TASK ITEM: For the entries that follow, set down each one exactly and drop any pictures.

[Data records]
*****

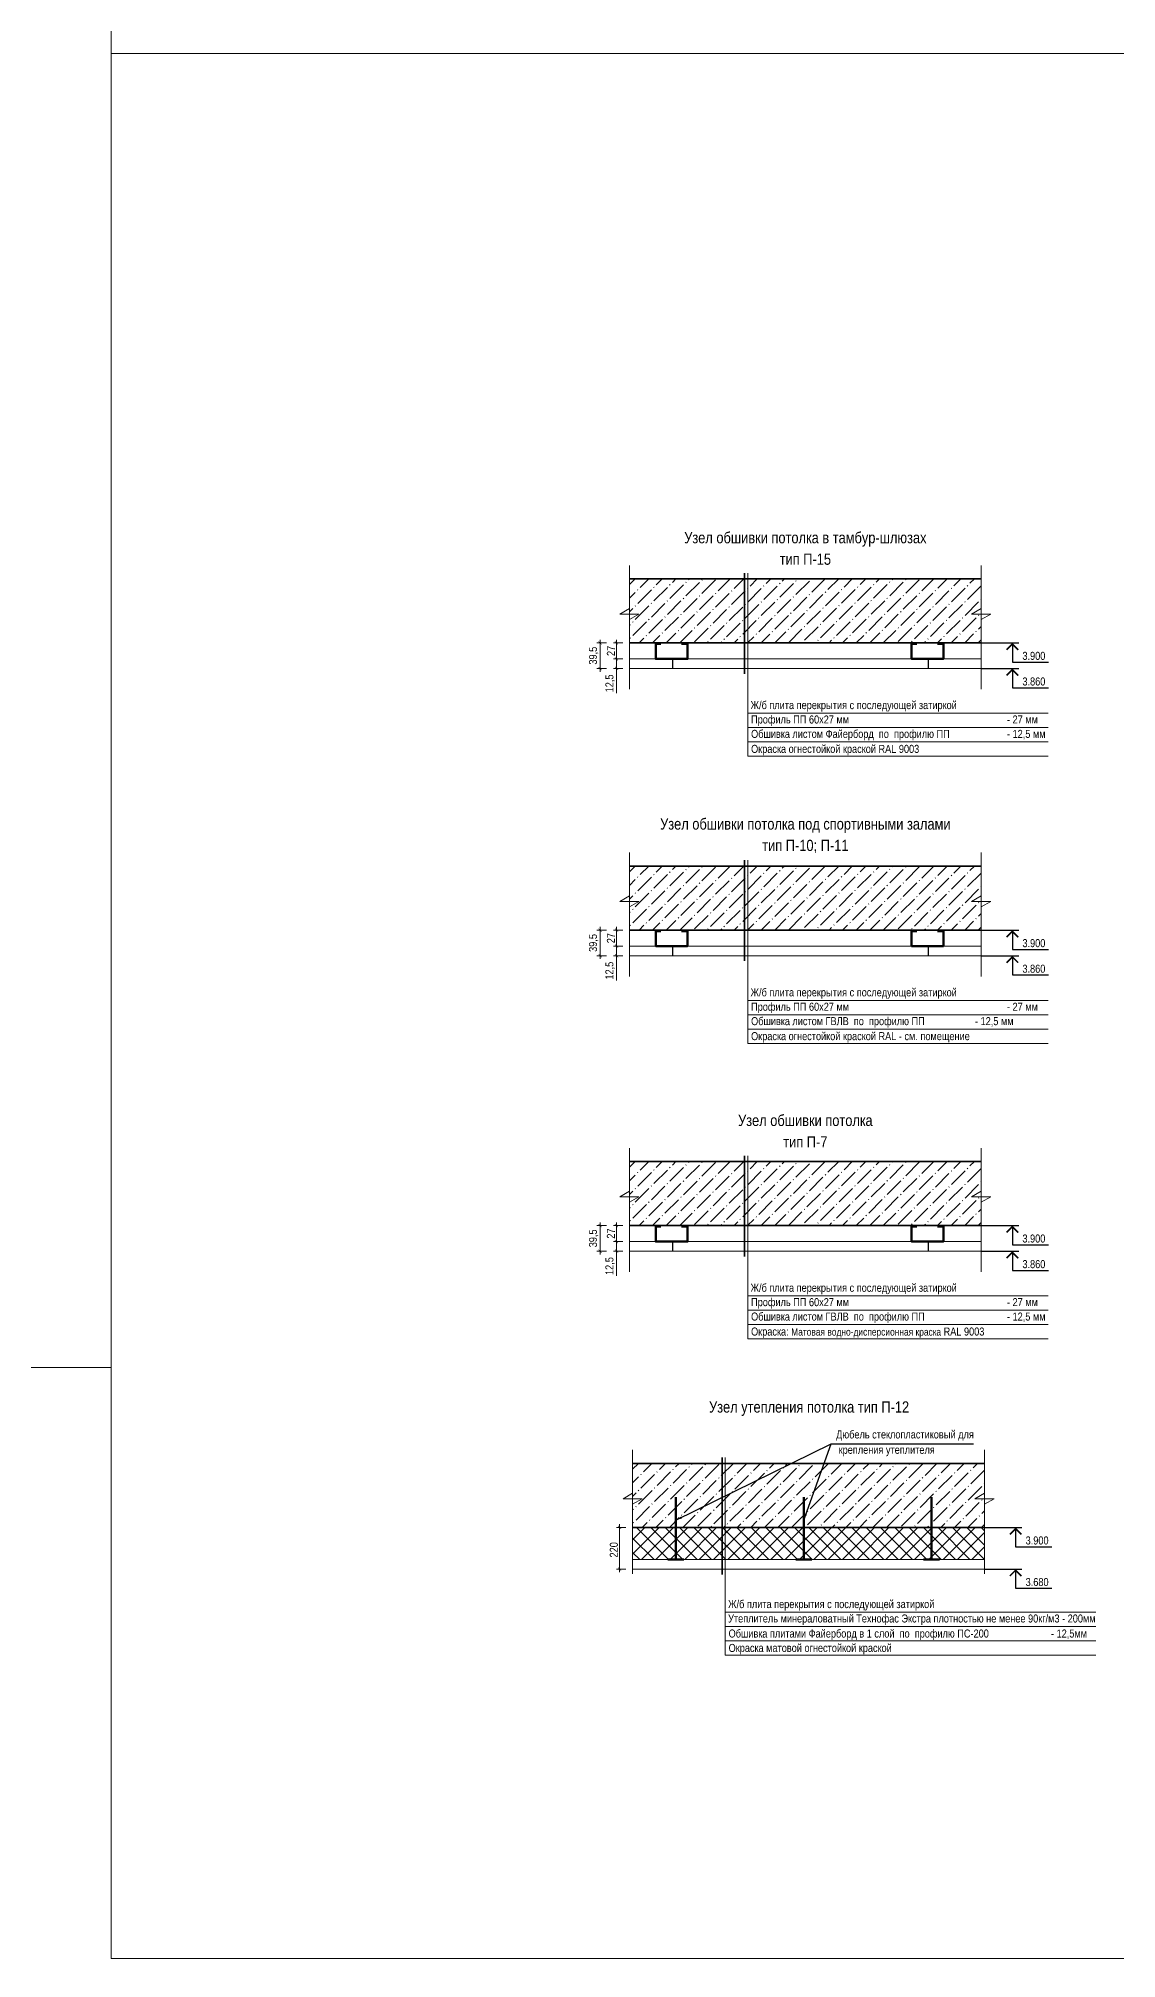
# Model space of a CAD drawing. Header units: millimetres. Extents: x -328335 to 1212475, y -208171 to 164144.
# Drawn here: x -134489 to -100776, y -205995 to -145996 of the extents above; entities that cross this region are included whole.
import ezdxf

# ---------------------------------------------------------------- set-up
doc = ezdxf.new("R2010")
doc.units = ezdxf.units.MM
doc.header["$LTSCALE"] = 0.5
doc.layers.get('Defpoints').update_dxf_attribs({"color": 140})
for name, color, linetype, lineweight in [('0.25', 1, 'Continuous', 25), ('АР_Стены ГКЛ', 1, 'Continuous', 15), ('АР_Стены ЖБ', 7, 'Continuous', 40), ('АР_Текст', 7, 'Continuous', 5), ('АР_Тонкая', 254, 'Continuous', 5), ('АР_Штриховка', 8, 'Continuous', 0), ('КМ_конструкции', 5, 'Continuous', 5), ('РД_Оси_размер', 8, 'Continuous', 0)]:
    doc.layers.add(name, color=color, linetype=linetype, lineweight=lineweight)
doc.layers.add('АР_Делит', color=120, linetype='Continuous', lineweight=0, plot=False)
doc.styles.add('style1', font='ARIALN.TTF')
doc.dimstyles.new('1-50', dxfattribs={"dimscale": 40, "dimtxt": 2.5, "dimasz": 2, "dimexe": 1.25, "dimexo": 0.625, "dimtad": 1, "dimdec": 0, "dimtxsty": 'style1', "dimblk": 'OBLIQUE', "dimcen": 2.5, "dimadec": 0, "dimazin": 1, "dimtfac": 1, "dimtdec": 0, "dimtmove": 0, "dimatfit": 3, "dimfxl": 1, "dimarcsym": 0})
doc.dimstyles.new('Dim100_ареал', dxfattribs={"dimscale": 100, "dimtxt": 2.5, "dimasz": 1, "dimexe": 1, "dimexo": 1, "dimgap": 0.5, "dimtad": 1, "dimzin": 12, "dimdsep": 46, "dimtxsty": 'style1', "dimblk": 'ARCHTICK', "dimcen": 1, "dimdle": 1, "dimaunit": 1, "dimadec": 0, "dimazin": 3, "dimtfac": 1, "dimtmove": 1, "dimatfit": 3, "dimldrblk": 'OPEN30', "dimfxl": 2, "dimfxlon": 1, "dimtolj": 1, "dimtzin": 0, "dimlwd": 5, "dimlwe": 5, "dimarcsym": 0})

# ---------------------------------------------------------------- blocks, each defined once
blk = doc.blocks.new('_ArchTick')
at = {"color": 0, "linetype": 'ByBlock', "const_width": 0.15}
blk.add_lwpolyline([(-0.5, -0.5), (0.5, 0.5)], dxfattribs=at)
blk = doc.blocks.new('*D372')
at = {"layer": 'Defpoints', "color": 0, "transparency": 16777216}
for p in [(-116010, -173860), (-116412, -174360), (-116010, -174360)]:
    blk.add_point(p, dxfattribs=at)
at = {"layer": 'РД_Оси_размер', "color": 0, "lineweight": 5, "transparency": 16777216}
for p, q in [((-116212, -173860), (-116512, -173860)), ((-116412, -173760), (-116412, -174460)), ((-116212, -174360), (-116512, -174360))]:
    blk.add_line(p, q, dxfattribs=at)
at = {"layer": 'РД_Оси_размер', "color": 0, "lineweight": 5, "transparency": 16777216, "xscale": 100, "yscale": 100, "zscale": 100}
for p, rotation in [((-116412, -173860), 90), ((-116412, -174360), 270)]:
    blk.add_blockref('_ArchTick', p, dxfattribs=dict(at, rotation=rotation))
at = {"layer": 'РД_Оси_размер', "color": 0, "transparency": 16777216, "insert": (-116588, -174110), "char_height": 250, "attachment_point": 5, "rotation": 90, "style": 'style1'}
blk.add_mtext('\\A1;27', dxfattribs=at)
blk = doc.blocks.new('_Open30')
at = {"color": 0, "linetype": 'ByBlock', "lineweight": -2}
for p, q in [((-1, 0.27), (0, 0)), ((0, 0), (-1, -0.27)), ((0, 0), (-1, 0))]:
    blk.add_line(p, q, dxfattribs=at)
blk = doc.blocks.new('*D373')
at = {"layer": 'Defpoints', "color": 0, "transparency": 16777216}
for p in [(-116010, -174360), (-116412, -174660), (-116010, -174660)]:
    blk.add_point(p, dxfattribs=at)
at = {"layer": 'РД_Оси_размер', "color": 0, "lineweight": 5, "transparency": 16777216}
for p, q in [((-116212, -174360), (-116512, -174360)), ((-116412, -174260), (-116412, -174760)), ((-116212, -174660), (-116512, -174660)), ((-116412, -175433), (-116412, -174660))]:
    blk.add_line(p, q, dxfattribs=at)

*****

SOLUTION TO THE PROBLEM:
# Model space of a CAD drawing. Header units: millimetres. Extents: x -328335 to 1212475, y -208171 to 164144.
# Drawn here: x -134489 to -100776, y -205995 to -145996 of the extents above; entities that cross this region are included whole.
import ezdxf

# ---------------------------------------------------------------- set-up
doc = ezdxf.new("R2010")
doc.units = ezdxf.units.MM
doc.header["$LTSCALE"] = 0.5
doc.layers.get('Defpoints').update_dxf_attribs({"color": 140})
for name, color, linetype, lineweight in [('0.25', 1, 'Continuous', 25), ('АР_Стены ГКЛ', 1, 'Continuous', 15), ('АР_Стены ЖБ', 7, 'Continuous', 40), ('АР_Текст', 7, 'Continuous', 5), ('АР_Тонкая', 254, 'Continuous', 5), ('АР_Штриховка', 8, 'Continuous', 0), ('КМ_конструкции', 5, 'Continuous', 5), ('РД_Оси_размер', 8, 'Continuous', 0)]:
    doc.layers.add(name, color=color, linetype=linetype, lineweight=lineweight)
doc.layers.add('АР_Делит', color=120, linetype='Continuous', lineweight=0, plot=False)
doc.styles.add('style1', font='ARIALN.TTF')
doc.dimstyles.new('1-50', dxfattribs={"dimscale": 40, "dimtxt": 2.5, "dimasz": 2, "dimexe": 1.25, "dimexo": 0.625, "dimtad": 1, "dimdec": 0, "dimtxsty": 'style1', "dimblk": 'OBLIQUE', "dimcen": 2.5, "dimadec": 0, "dimazin": 1, "dimtfac": 1, "dimtdec": 0, "dimtmove": 0, "dimatfit": 3, "dimfxl": 1, "dimarcsym": 0})
doc.dimstyles.new('Dim100_ареал', dxfattribs={"dimscale": 100, "dimtxt": 2.5, "dimasz": 1, "dimexe": 1, "dimexo": 1, "dimgap": 0.5, "dimtad": 1, "dimzin": 12, "dimdsep": 46, "dimtxsty": 'style1', "dimblk": 'ARCHTICK', "dimcen": 1, "dimdle": 1, "dimaunit": 1, "dimadec": 0, "dimazin": 3, "dimtfac": 1, "dimtmove": 1, "dimatfit": 3, "dimldrblk": 'OPEN30', "dimfxl": 2, "dimfxlon": 1, "dimtolj": 1, "dimtzin": 0, "dimlwd": 5, "dimlwe": 5, "dimarcsym": 0})

# ---------------------------------------------------------------- blocks, each defined once
blk = doc.blocks.new('_ArchTick')
at = {"color": 0, "linetype": 'ByBlock', "const_width": 0.15}
blk.add_lwpolyline([(-0.5, -0.5), (0.5, 0.5)], dxfattribs=at)
blk = doc.blocks.new('*D372')
at = {"layer": 'Defpoints', "color": 0, "transparency": 16777216}
for p in [(-116010, -173860), (-116412, -174360), (-116010, -174360)]:
    blk.add_point(p, dxfattribs=at)
at = {"layer": 'РД_Оси_размер', "color": 0, "lineweight": 5, "transparency": 16777216}
for p, q in [((-116212, -173860), (-116512, -173860)), ((-116412, -173760), (-116412, -174460)), ((-116212, -174360), (-116512, -174360))]:
    blk.add_line(p, q, dxfattribs=at)
at = {"layer": 'РД_Оси_размер', "color": 0, "lineweight": 5, "transparency": 16777216, "xscale": 100, "yscale": 100, "zscale": 100}
for p, rotation in [((-116412, -173860), 90), ((-116412, -174360), 270)]:
    blk.add_blockref('_ArchTick', p, dxfattribs=dict(at, rotation=rotation))
at = {"layer": 'РД_Оси_размер', "color": 0, "transparency": 16777216, "insert": (-116588, -174110), "char_height": 250, "attachment_point": 5, "rotation": 90, "style": 'style1'}
blk.add_mtext('\\A1;27', dxfattribs=at)
blk = doc.blocks.new('_Open30')
at = {"color": 0, "linetype": 'ByBlock', "lineweight": -2}
for p, q in [((-1, 0.27), (0, 0)), ((0, 0), (-1, -0.27)), ((0, 0), (-1, 0))]:
    blk.add_line(p, q, dxfattribs=at)
blk = doc.blocks.new('*D373')
at = {"layer": 'Defpoints', "color": 0, "transparency": 16777216}
for p in [(-116010, -174360), (-116412, -174660), (-116010, -174660)]:
    blk.add_point(p, dxfattribs=at)
at = {"layer": 'РД_Оси_размер', "color": 0, "lineweight": 5, "transparency": 16777216}
for p, q in [((-116212, -174360), (-116512, -174360)), ((-116412, -174260), (-116412, -174760)), ((-116212, -174660), (-116512, -174660)), ((-116412, -175433), (-116412, -174660))]:
    blk.add_line(p, q, dxfattribs=at)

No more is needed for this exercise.